About this task:
Make an exact copy of the lines from the top of the entries below through the line with "#888 = VERTEX_POINT ( 'NONE', #4504 ) ;". Leave all pictures out.

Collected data
[Start of Attachment]

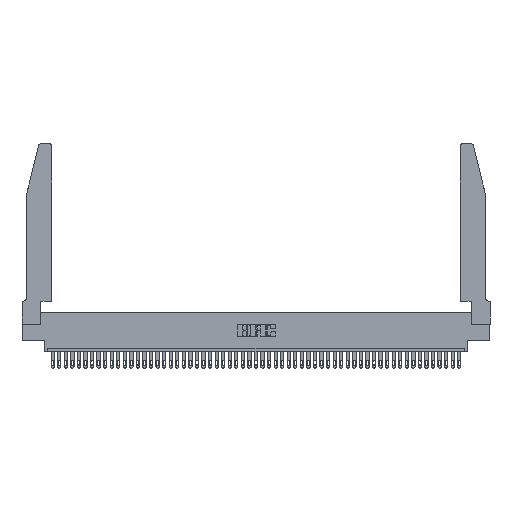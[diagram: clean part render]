
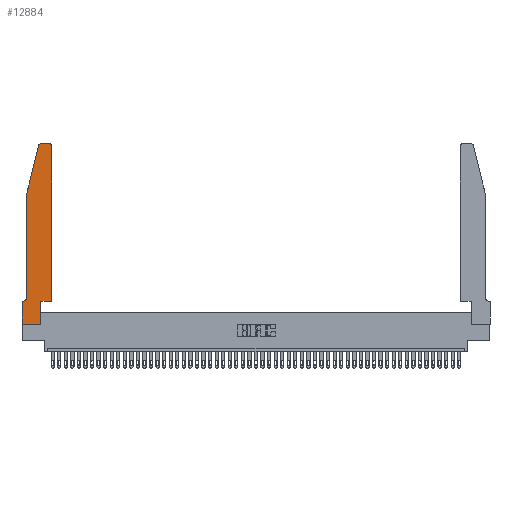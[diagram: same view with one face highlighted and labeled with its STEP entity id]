
A CAD part, top view. The second image highlights one B-rep face of the part: STEP entity #12884.
In plain terms, the highlighted planar face has unit normal (0, 0, 1).
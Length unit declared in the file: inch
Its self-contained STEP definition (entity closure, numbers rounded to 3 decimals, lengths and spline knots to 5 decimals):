
#888 = VERTEX_POINT ( 'NONE', #4504 ) ;
#1213 = DIRECTION ( 'NONE',  ( 0., -1., 0. ) ) ;
#1390 = CIRCLE ( 'NONE', #10165, 0.03 ) ;
#1454 = EDGE_CURVE ( 'NONE', #31015, #30696, #16986, .T. ) ;
#2493 = DIRECTION ( 'NONE',  ( 0., 0., 1. ) ) ;
#2684 = DIRECTION ( 'NONE',  ( 1., 0., 0. ) ) ;
#2699 = ORIENTED_EDGE ( 'NONE', *, *, #43784, .T. ) ;
#3818 = AXIS2_PLACEMENT_3D ( 'NONE', #6189, #2493, #9884 ) ;
#4504 = CARTESIAN_POINT ( 'NONE',  ( 0., 0.35, 0.37 ) ) ;
#4913 = ORIENTED_EDGE ( 'NONE', *, *, #13318, .T. ) ;
#5600 = VECTOR ( 'NONE', #31798, 39.37008 ) ;
#5611 = LINE ( 'NONE', #37325, #37312 ) ;
#5988 = VERTEX_POINT ( 'NONE', #7144 ) ;
#5996 = CARTESIAN_POINT ( 'NONE',  ( 0.0755, 0.42, 0.37 ) ) ;
#6189 = CARTESIAN_POINT ( 'NONE',  ( 0.284, 2.72, 0.37 ) ) ;
#6255 = EDGE_CURVE ( 'NONE', #40191, #6283, #39268, .T. ) ;
#6283 = VERTEX_POINT ( 'NONE', #18095 ) ;
#6309 = DIRECTION ( 'NONE',  ( 1., 0., 0. ) ) ;
#6886 = LINE ( 'NONE', #18804, #15251 ) ;
#7144 = CARTESIAN_POINT ( 'NONE',  ( 0.0055, 0.35, 0.37 ) ) ;
#7612 = CARTESIAN_POINT ( 'NONE',  ( 0.2865, 0., 0.37 ) ) ;
#8094 = EDGE_CURVE ( 'NONE', #49021, #15102, #6886, .T. ) ;
#8491 = CARTESIAN_POINT ( 'NONE',  ( 0.4505, 0.35, 0.37 ) ) ;
#8656 = LINE ( 'NONE', #8491, #48115 ) ;
#8812 = VECTOR ( 'NONE', #42785, 39.37008 ) ;
#9861 = EDGE_CURVE ( 'NONE', #43512, #14122, #1390, .T. ) ;
#9884 = DIRECTION ( 'NONE',  ( 1., 0., 0. ) ) ;
#10165 = AXIS2_PLACEMENT_3D ( 'NONE', #17005, #29199, #6309 ) ;
#10758 = VECTOR ( 'NONE', #1213, 39.37008 ) ;
#11396 = AXIS2_PLACEMENT_3D ( 'NONE', #46126, #45983, #34969 ) ;
#11564 = CARTESIAN_POINT ( 'NONE',  ( 0.0755, 2., 0.37 ) ) ;
#12884 = ADVANCED_FACE ( 'NONE', ( #32865 ), #49000, .T. ) ;
#13318 = EDGE_CURVE ( 'NONE', #888, #31015, #15512, .T. ) ;
#14122 = VERTEX_POINT ( 'NONE', #23144 ) ;
#14564 = CARTESIAN_POINT ( 'NONE',  ( 0.2865, 0.35, 0.37 ) ) ;
#14869 = VECTOR ( 'NONE', #49241, 39.37008 ) ;
#15102 = VERTEX_POINT ( 'NONE', #11564 ) ;
#15251 = VECTOR ( 'NONE', #37318, 39.37008 ) ;
#15512 = LINE ( 'NONE', #32156, #10758 ) ;
#16405 = VECTOR ( 'NONE', #33693, 39.37008 ) ;
#16986 = LINE ( 'NONE', #24149, #5600 ) ;
#17005 = CARTESIAN_POINT ( 'NONE',  ( 0.4205, 2.72, 0.37 ) ) ;
#17025 = EDGE_CURVE ( 'NONE', #6283, #43512, #8656, .T. ) ;
#17609 = DIRECTION ( 'NONE',  ( 0., 0., 1. ) ) ;
#17669 = LINE ( 'NONE', #14564, #16405 ) ;
#18095 = CARTESIAN_POINT ( 'NONE',  ( 0.4505, 0.35, 0.37 ) ) ;
#18153 = CARTESIAN_POINT ( 'NONE',  ( 0.0755, 0.35, 0.37 ) ) ;
#18410 = CARTESIAN_POINT ( 'NONE',  ( 0.2865, 0.35, 0.37 ) ) ;
#18804 = CARTESIAN_POINT ( 'NONE',  ( 0.0755, 2., 0.37 ) ) ;
#19162 = CIRCLE ( 'NONE', #11396, 0.07 ) ;
#19190 = ORIENTED_EDGE ( 'NONE', *, *, #24174, .T. ) ;
#19346 = CARTESIAN_POINT ( 'NONE',  ( 0.25487, 2.72718, 0.37 ) ) ;
#19467 = CARTESIAN_POINT ( 'NONE',  ( 0., 0.35, 0.37 ) ) ;
#20998 = ORIENTED_EDGE ( 'NONE', *, *, #32439, .T. ) ;
#21939 = LINE ( 'NONE', #18153, #40977 ) ;
#21992 = DIRECTION ( 'NONE',  ( -1., 0., 0. ) ) ;
#23144 = CARTESIAN_POINT ( 'NONE',  ( 0.4205, 2.75, 0.37 ) ) ;
#24149 = CARTESIAN_POINT ( 'NONE',  ( 0., 0., 0.37 ) ) ;
#24174 = EDGE_CURVE ( 'NONE', #30195, #49021, #41210, .T. ) ;
#24372 = CARTESIAN_POINT ( 'NONE',  ( 0.4505, 0.35, 0.37 ) ) ;
#26081 = EDGE_CURVE ( 'NONE', #5988, #888, #21939, .T. ) ;
#26747 = ORIENTED_EDGE ( 'NONE', *, *, #8094, .T. ) ;
#26897 = ORIENTED_EDGE ( 'NONE', *, *, #41486, .T. ) ;
#28063 = CARTESIAN_POINT ( 'NONE',  ( 0., 0., 0.37 ) ) ;
#28498 = AXIS2_PLACEMENT_3D ( 'NONE', #19467, #17609, #2684 ) ;
#28583 = DIRECTION ( 'NONE',  ( 0., 1., 0. ) ) ;
#29199 = DIRECTION ( 'NONE',  ( 0., 0., 1. ) ) ;
#29377 = ORIENTED_EDGE ( 'NONE', *, *, #1454, .T. ) ;
#30195 = VERTEX_POINT ( 'NONE', #48517 ) ;
#30696 = VERTEX_POINT ( 'NONE', #7612 ) ;
#31015 = VERTEX_POINT ( 'NONE', #28063 ) ;
#31034 = EDGE_CURVE ( 'NONE', #15102, #44499, #39200, .T. ) ;
#31492 = EDGE_LOOP ( 'NONE', ( #26897, #19190, #26747, #42986, #2699, #42003, #4913, #29377, #20998, #33601, #38681, #46062 ) ) ;
#31798 = DIRECTION ( 'NONE',  ( 1., 0., 0. ) ) ;
#32156 = CARTESIAN_POINT ( 'NONE',  ( 0., 0., 0.37 ) ) ;
#32439 = EDGE_CURVE ( 'NONE', #30696, #40191, #17669, .T. ) ;
#32865 = FACE_OUTER_BOUND ( 'NONE', #31492, .T. ) ;
#33601 = ORIENTED_EDGE ( 'NONE', *, *, #6255, .T. ) ;
#33693 = DIRECTION ( 'NONE',  ( 0., 1., 0. ) ) ;
#34969 = DIRECTION ( 'NONE',  ( -1., 0., 0. ) ) ;
#37312 = VECTOR ( 'NONE', #44972, 39.37008 ) ;
#37318 = DIRECTION ( 'NONE',  ( -0.239, -0.971, 0. ) ) ;
#37325 = CARTESIAN_POINT ( 'NONE',  ( 0.2605, 2.75, 0.37 ) ) ;
#38681 = ORIENTED_EDGE ( 'NONE', *, *, #17025, .T. ) ;
#39200 = LINE ( 'NONE', #44266, #14869 ) ;
#39268 = LINE ( 'NONE', #24372, #8812 ) ;
#40191 = VERTEX_POINT ( 'NONE', #18410 ) ;
#40977 = VECTOR ( 'NONE', #21992, 39.37008 ) ;
#41210 = CIRCLE ( 'NONE', #3818, 0.03 ) ;
#41486 = EDGE_CURVE ( 'NONE', #14122, #30195, #5611, .T. ) ;
#42003 = ORIENTED_EDGE ( 'NONE', *, *, #26081, .T. ) ;
#42785 = DIRECTION ( 'NONE',  ( 1., 0., 0. ) ) ;
#42986 = ORIENTED_EDGE ( 'NONE', *, *, #31034, .T. ) ;
#43512 = VERTEX_POINT ( 'NONE', #44886 ) ;
#43784 = EDGE_CURVE ( 'NONE', #44499, #5988, #19162, .T. ) ;
#44266 = CARTESIAN_POINT ( 'NONE',  ( 0.0755, 2., 0.37 ) ) ;
#44499 = VERTEX_POINT ( 'NONE', #5996 ) ;
#44886 = CARTESIAN_POINT ( 'NONE',  ( 0.4505, 2.72, 0.37 ) ) ;
#44972 = DIRECTION ( 'NONE',  ( -1., 0., 0. ) ) ;
#45983 = DIRECTION ( 'NONE',  ( 0., 0., -1. ) ) ;
#46062 = ORIENTED_EDGE ( 'NONE', *, *, #9861, .T. ) ;
#46126 = CARTESIAN_POINT ( 'NONE',  ( 0.0055, 0.42, 0.37 ) ) ;
#48115 = VECTOR ( 'NONE', #28583, 39.37008 ) ;
#48517 = CARTESIAN_POINT ( 'NONE',  ( 0.284, 2.75, 0.37 ) ) ;
#49000 = PLANE ( 'NONE',  #28498 ) ;
#49021 = VERTEX_POINT ( 'NONE', #19346 ) ;
#49241 = DIRECTION ( 'NONE',  ( 0., -1., 0. ) ) ;

[End of Attachment]

Solution to this problem:
[diagram: clean part render]
[diagram: same view with one face highlighted and labeled with its STEP entity id]
A CAD part, top view. The second image highlights one B-rep face of the part: STEP entity #12884.
In plain terms, the highlighted planar face has unit normal (0, 0, 1).
Length unit declared in the file: inch
Its self-contained STEP definition (entity closure, numbers rounded to 3 decimals, lengths and spline knots to 5 decimals):
#888 = VERTEX_POINT ( 'NONE', #4504 ) ;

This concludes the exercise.